Preciate hearing it from you bro.


----------



## Kaptain Kron (Oct 12, 2011)

hell yea man do the double table bro that shit would be PROPERNESS under a 600 with 2 uvb bulbs


----------



## Niko Bellick (Oct 12, 2011)

Kaptain Kron said:


> hell yea man do the double table bro that shit would be PROPERNESS under a 600 with 2 uvb bulbs


Yea figure two zoo grade UVB bulbs over each table. The white widow in the blue widow should frost up nice under them. sort of production line. Mum/clone cab, flower trays, custom built drying box, small trim table/bubble bags and an old foot locker to hold the curing jars. Probably try to harvest ten plants once a month.


----------



## 3eyes (Oct 13, 2011)

Niko Bellick said:


> Okay, I'll take door number 2. what strain?


The strain is cheesus i'll take some pics of number 2 in a bit


----------



## 3eyes (Oct 13, 2011)

Here's the pics from cheesus number 2 the 2 main colas are 12" long and they've still got another 4-5 weeks to go you still think your fluros are going to yield more lol


----------



## 3eyes (Oct 13, 2011)

Here's a pic of cheesus 3 she's been super cropped the cola to the left and further back is the result


----------



## Niko Bellick (Oct 13, 2011)

God damn 3eyes. Thats 600 watts of hps for ya haha. Good looking Cheesus.


----------



## Niko Bellick (Oct 13, 2011)

Day 2 of the Flush.
Been cutting the light back by 15 minutes a day. Will be at ten and a half hours today. Noticing alil more frost. Ppms coming down some as well. Gonna increase the watering to ten minutes every hour the lights are on. 

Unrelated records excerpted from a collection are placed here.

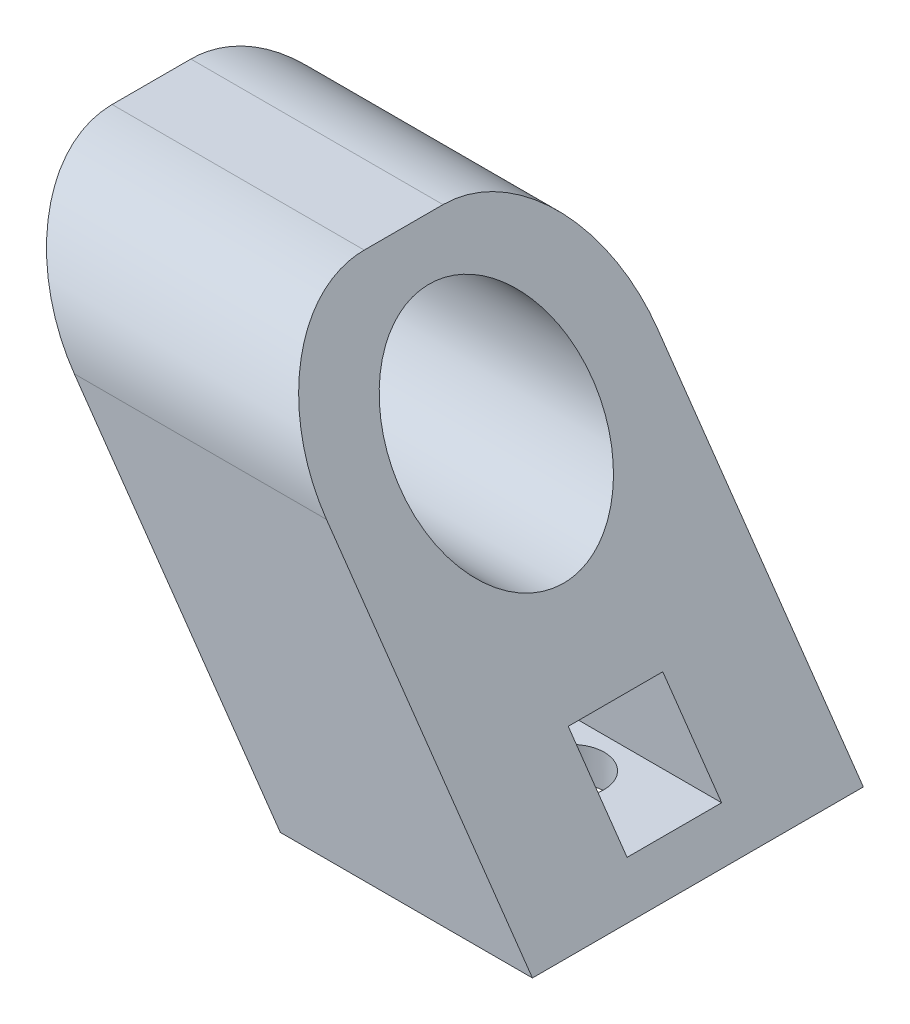
from build123d import *

# Parameters (mm, degrees)
BOSS_EXTRUDE1_DEPTH     = 25
FILLET1_R               = 19.05
CUT_EXTRUDE1_DEPTH      = 74.437759365
CUT_EXTRUDE1_DEPTH_BACK = 74.437759365
SKETCH3_R               = 14.5
SKETCH3_W               = 14.2875
SKETCH3_H               = 12.7
SKETCH5_R               = 4.8895
CUT_EXTRUDE2_DEPTH      = 12.7


with BuildPart() as part:
    # Sketch2 → Boss-Extrude1 (new, symmetric)
    with BuildSketch(Plane.XY):
        Polygon((-28.936184536, 20), (15.526994141, -43.5), (53.626994141, -43.5), (9.163815464, 20), align=None)
    extrude(amount=BOSS_EXTRUDE1_DEPTH, both=True)

    # Fillet1
    fillet1_edges = [part.edges().sort_by_distance(p)[0] for p in [
        (-9.886184536, 20, 25),
        (-9.886184536, 20, -25),
    ]]
    fillet(fillet1_edges, radius=FILLET1_R)

    # Sketch3 → Cut-Extrude1 (cut, two sides: drawn at the far end of the back side and taken through both)
    with BuildSketch(Plane(origin=(0, 0, 0), x_dir=(0, 0, -1), z_dir=(1, 0, 0)).offset(-CUT_EXTRUDE1_DEPTH_BACK)):
        with Locations(Location((0, 0, 0), (0, 0, 270))):
            Circle(SKETCH3_R)
        with Locations((0, -32.07)):
            Rectangle(SKETCH3_W, SKETCH3_H)
    extrude(amount=CUT_EXTRUDE1_DEPTH + CUT_EXTRUDE1_DEPTH_BACK, mode=Mode.SUBTRACT)

    # Sketch5 → Cut-Extrude2 (cut)
    with BuildSketch(Plane.XZ.offset(43.5)):
        with Locations((34.576994141, 0)):
            Circle(SKETCH5_R)
    extrude(amount=-CUT_EXTRUDE2_DEPTH, mode=Mode.SUBTRACT)


solid = part.part

Nothing much else goin on, gota fan with a hepa filter for when I cut em to dry to keep the chance of mold down.


----------



## Niko Bellick (Oct 15, 2011)

BLOWN on Scissor hash. Dear god, very smooth send more.


----------



## kevin murphy (Oct 16, 2011)

mornin mate hows things...


----------



## Niko Bellick (Oct 16, 2011)

kevin murphy said:


> mornin mate hows things...


pretty excellent, my best friend came over with some hash he got last grow trimming or something. Anyways was bout the size of a pinkie nail but jesus we were ripped.

Other than that just flushing and flushing and flushing some more


----------



## ironheadxl (Oct 17, 2011)

Jeeze I forgot your doing t5/ cfl, hell Nicko that is a strong grow off that setup I would be well chuffed to pull that off, also -putting up double trays under a 600? priceless.


----------



## Niko Bellick (Oct 17, 2011)

ironheadxl said:


> Jeeze I forgot your doing t5/ cfl, hell Nicko that is a strong grow off that setup I would be well chuffed to pull that off, also -putting up double trays under a 600? priceless.


Yeees sir T5 and Cfl all the way. Finally getting 600 watter back up in a few months. Pretty happy so far with it.


----------



## Niko Bellick (Oct 17, 2011)

Okay, today is chop day. wont have another day off til sunday. A few days short of a full weeks flush is alright with me. Also gives me a chance to see if flushing even makes a diff.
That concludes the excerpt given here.